Supplied data Start Marker
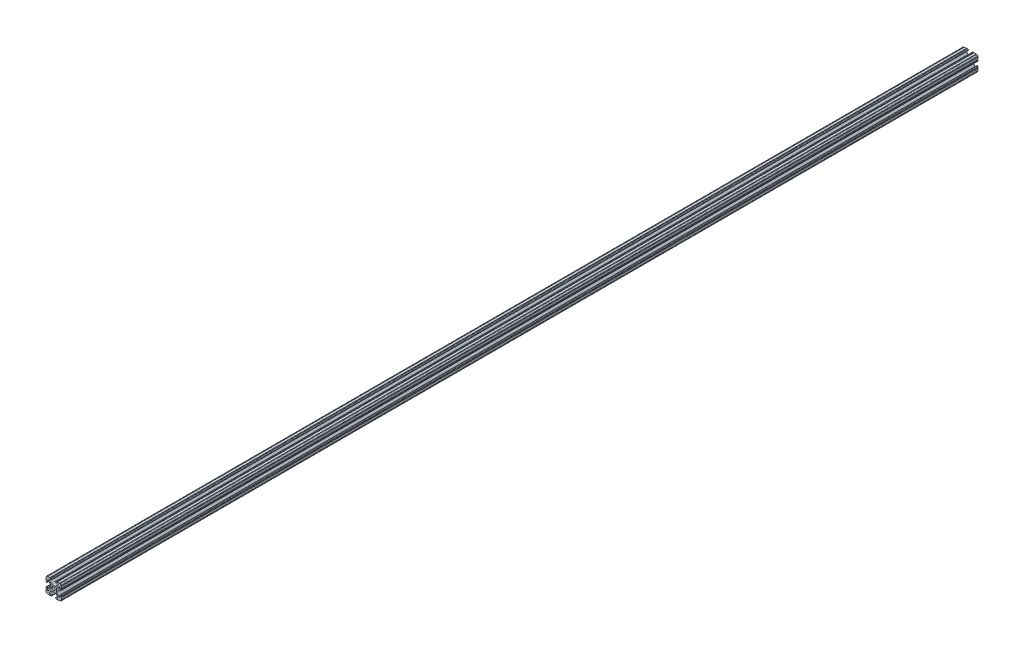
SolidWorks part; units mm, degrees
ref_plane "Front Plane" through (0, 0, 0) normal (0, 0, 1) x (1, 0, 0)
ref_plane "Top Plane" through (0, 0, 0) normal (0, 1, 0) x (1, 0, 0)
ref_plane "Right Plane" through (0, 0, 0) normal (1, 0, 0) x (0, 0, -1)
sketch "Sketch2" plane through (0, 0, 0) normal (0, 0, 1) x (1, 0, 0)
  line L0 (0, 12.7) -> (0, -12.7) construction
  line L1 (-12.7, 0) -> (12.7, 0) construction
  line L2 (3.2512, -12.7) -> (12.7, -12.7)
  line L3 (12.7, -12.7) -> (12.7, -3.2512)
  line L4 (3.2512, -12.7) -> (3.2512, -10.4902)
  line L5 (3.2512, -10.4902) -> (8.9276, -10.4902)
  line L6 (8.9276, -10.4902) -> (3.0856, -4.6482)
  line L7 (0, 0) -> (12.7, -12.7) construction
  line L8 (12.7, -3.2512) -> (10.4902, -3.2512)
  line L9 (10.4902, -3.2512) -> (10.4902, -8.9276)
  line L10 (10.4902, -8.9276) -> (4.6482, -3.0856)
  circle A0 centre (0, 0) radius 2.6035
  arc A1 (6.3485, -10.4902) -> (7.1039, -8.6665) centre (6.3485, -9.4219) ccw construction
  point P8 (0, -4.6482)
  dimension "Center Hole Diameter" = 5.207
  dimension "Rail Height" = 25.4
  dimension "Rail Width" = 25.4
  dimension "T-Slot Width" = 6.5024
  dimension "Slot Inner Width" = 14.8336
  dimension "Thickness" = 2.2098
  dimension "Slot Depth" = 5.842
  dimension "D1" = 2.2098
sketch "Sketch3" plane through (0, 0, 0) normal (1, 0, 0) x (0, 0, -1)
  line L0 (-762, -12.7) -> (762, -12.7) construction
  line L1 (-736.6, 0) -> (736.6, 0) construction
  dimension "Length" = 1524
  dimension "D1" = 25.4
sketch "Sketch4" plane through (0, 0, 0) normal (0, 0, 1) x (1, 0, 0)
  line L0 (4.1904, -12.7) -> (10.1173, -12.7)
  line L1 (3.2512, -12.7) -> (12.7, -12.7) construction
  line L2 (3.2512, -12.7) -> (3.2512, -10.4902) construction
  line L3 (3.2512, -10.4902) -> (8.9276, -10.4902) construction
  line L4 (3.2512, -11.4294) -> (3.2512, -11.7608)
  line L5 (4.1904, -10.4902) -> (6.3485, -10.4902)
  line L6 (0, -4.6482) -> (2.164, -4.6482)
  line L7 (8.9276, -10.4902) -> (3.0856, -4.6482) construction
  line L8 (3.7373, -5.2999) -> (7.1039, -8.6665)
  line L9 (12.7, -12.7) -> (12.7, -3.2512) construction
  line L10 (10.4902, -8.9276) -> (4.6482, -3.0856) construction
  line L11 (10.4902, -3.2512) -> (10.4902, -8.9276) construction
  line L12 (10.4902, -6.3485) -> (10.4902, -4.1904)
  line L13 (12.7, -3.2512) -> (10.4902, -3.2512) construction
  line L14 (11.4294, -3.2512) -> (11.7608, -3.2512)
  line L15 (12.7, -4.1904) -> (12.7, -10.1173)
  line L16 (8.6665, -7.1039) -> (5.2999, -3.7373)
  line L17 (4.6482, 0) -> (4.6482, -2.164)
  line L18 (-12.7, 0) -> (12.7, 0) construction
  line L19 (0, -4.6482) -> (0, -2.6035)
  line L20 (0, 12.7) -> (0, -12.7) construction
  line L21 (4.6482, 0) -> (2.6035, 0)
  arc A0 (3.2512, -11.7608) -> (4.1904, -12.7) centre (4.1904, -11.7608) ccw
  arc A2 (3.2512, -11.4294) -> (4.1904, -10.4902) centre (4.1904, -11.4294) cw
  arc A3 (6.3485, -10.4902) -> (7.1039, -8.6665) centre (6.3485, -9.4219) ccw
  arc A4 (2.164, -4.6482) -> (3.7373, -5.2999) centre (2.164, -6.8732) cw
  arc A5 (10.1173, -12.7) -> (12.7, -10.1173) centre (10.1173, -10.1173) ccw
  arc A6 (8.6665, -7.1039) -> (10.4902, -6.3485) centre (9.4219, -6.3485) ccw
  arc A7 (10.4902, -4.1904) -> (11.4294, -3.2512) centre (11.4294, -4.1904) cw
  arc A8 (11.7608, -3.2512) -> (12.7, -4.1904) centre (11.7608, -4.1904) cw
  arc A9 (5.2999, -3.7373) -> (4.6482, -2.164) centre (6.8732, -2.164) cw
  circle A10 centre (0, 0) radius 2.6035 construction
  arc A11 (0, -2.6035) -> (2.6035, 0) centre (0, 0) ccw
  dimension "D1" = 2.5827
  dimension "D2" = 2.225
  dimension "D3" = 0.9392
extrude "Boss-Extrude1" add sketch "Sketch4" along normal mid plane 1524
sketch "Sketch5" plane through (0, 0, 0) normal (0, 0, 1) x (1, 0, 0)
  line L0 (3.2512, -12.7) -> (12.7, -12.7) construction
  line L1 (4.1904, -10.4902) -> (6.3485, -10.4902) construction
  line L3 (0, 0) -> (12.7, -12.7) construction
  line L4 (6.3485, -10.4902) -> (6.3485, -12.7) construction
  line L5 (8.9276, -10.4902) -> (3.0856, -4.6482) construction
  circle A0 centre (10.3562, -12.7) radius 0.5524
  circle A1 centre (5.796, -12.7) radius 0.5524
  circle A2 centre (12.7, -10.3562) radius 0.5524
  circle A3 centre (12.7, -5.796) radius 0.5524
  point P10 (5.2694, -10.4902)
  point P12 (9.4219, -6.3485)
  dimension "D1" = 1.1049
extrude "Cut-Extrude1" cut sketch "Sketch5" against normal through all both and the other way through all
mirror "Mirror1" about plane through (0, 0, 0) normal (1, 0, 0) of bodies 137 134
mirror "Mirror2" about plane through (0, 0, 0) normal (0, 1, 0) of bodies 135
equation "\"D1@Boss-Extrude1\"=\"Length@Sketch3\""
equation "\"D1@Sketch2\"=\"Thickness@Sketch2\""
equation "\"D2@Sketch4\"=\"Slot Inner Width@Sketch2\"*0.15"
equation "\"D1@Sketch4\"=\"D3@Sketch4\"*2.75"
equation "\"D3@Sketch4\"=\"Thickness@Sketch2\"*0.425"
equation "\"D1@Sketch5\"=\"Thickness@Sketch2\"*0.5"
Supplied data End Marker
### [Your goal]
Write out only the lines that run from the line containing "arc A11 (0, -2.6035)" through the line containing "way through all", both included, exactly as they appear above.

### [Task result]
  arc A11 (0, -2.6035) -> (2.6035, 0) centre (0, 0) ccw
  dimension "D1" = 2.5827
  dimension "D2" = 2.225
  dimension "D3" = 0.9392
extrude "Boss-Extrude1" add sketch "Sketch4" along normal mid plane 1524
sketch "Sketch5" plane through (0, 0, 0) normal (0, 0, 1) x (1, 0, 0)
  line L0 (3.2512, -12.7) -> (12.7, -12.7) construction
  line L1 (4.1904, -10.4902) -> (6.3485, -10.4902) construction
  line L3 (0, 0) -> (12.7, -12.7) construction
  line L4 (6.3485, -10.4902) -> (6.3485, -12.7) construction
  line L5 (8.9276, -10.4902) -> (3.0856, -4.6482) construction
  circle A0 centre (10.3562, -12.7) radius 0.5524
  circle A1 centre (5.796, -12.7) radius 0.5524
  circle A2 centre (12.7, -10.3562) radius 0.5524
  circle A3 centre (12.7, -5.796) radius 0.5524
  point P10 (5.2694, -10.4902)
  point P12 (9.4219, -6.3485)
  dimension "D1" = 1.1049
extrude "Cut-Extrude1" cut sketch "Sketch5" against normal through all both and the other way through all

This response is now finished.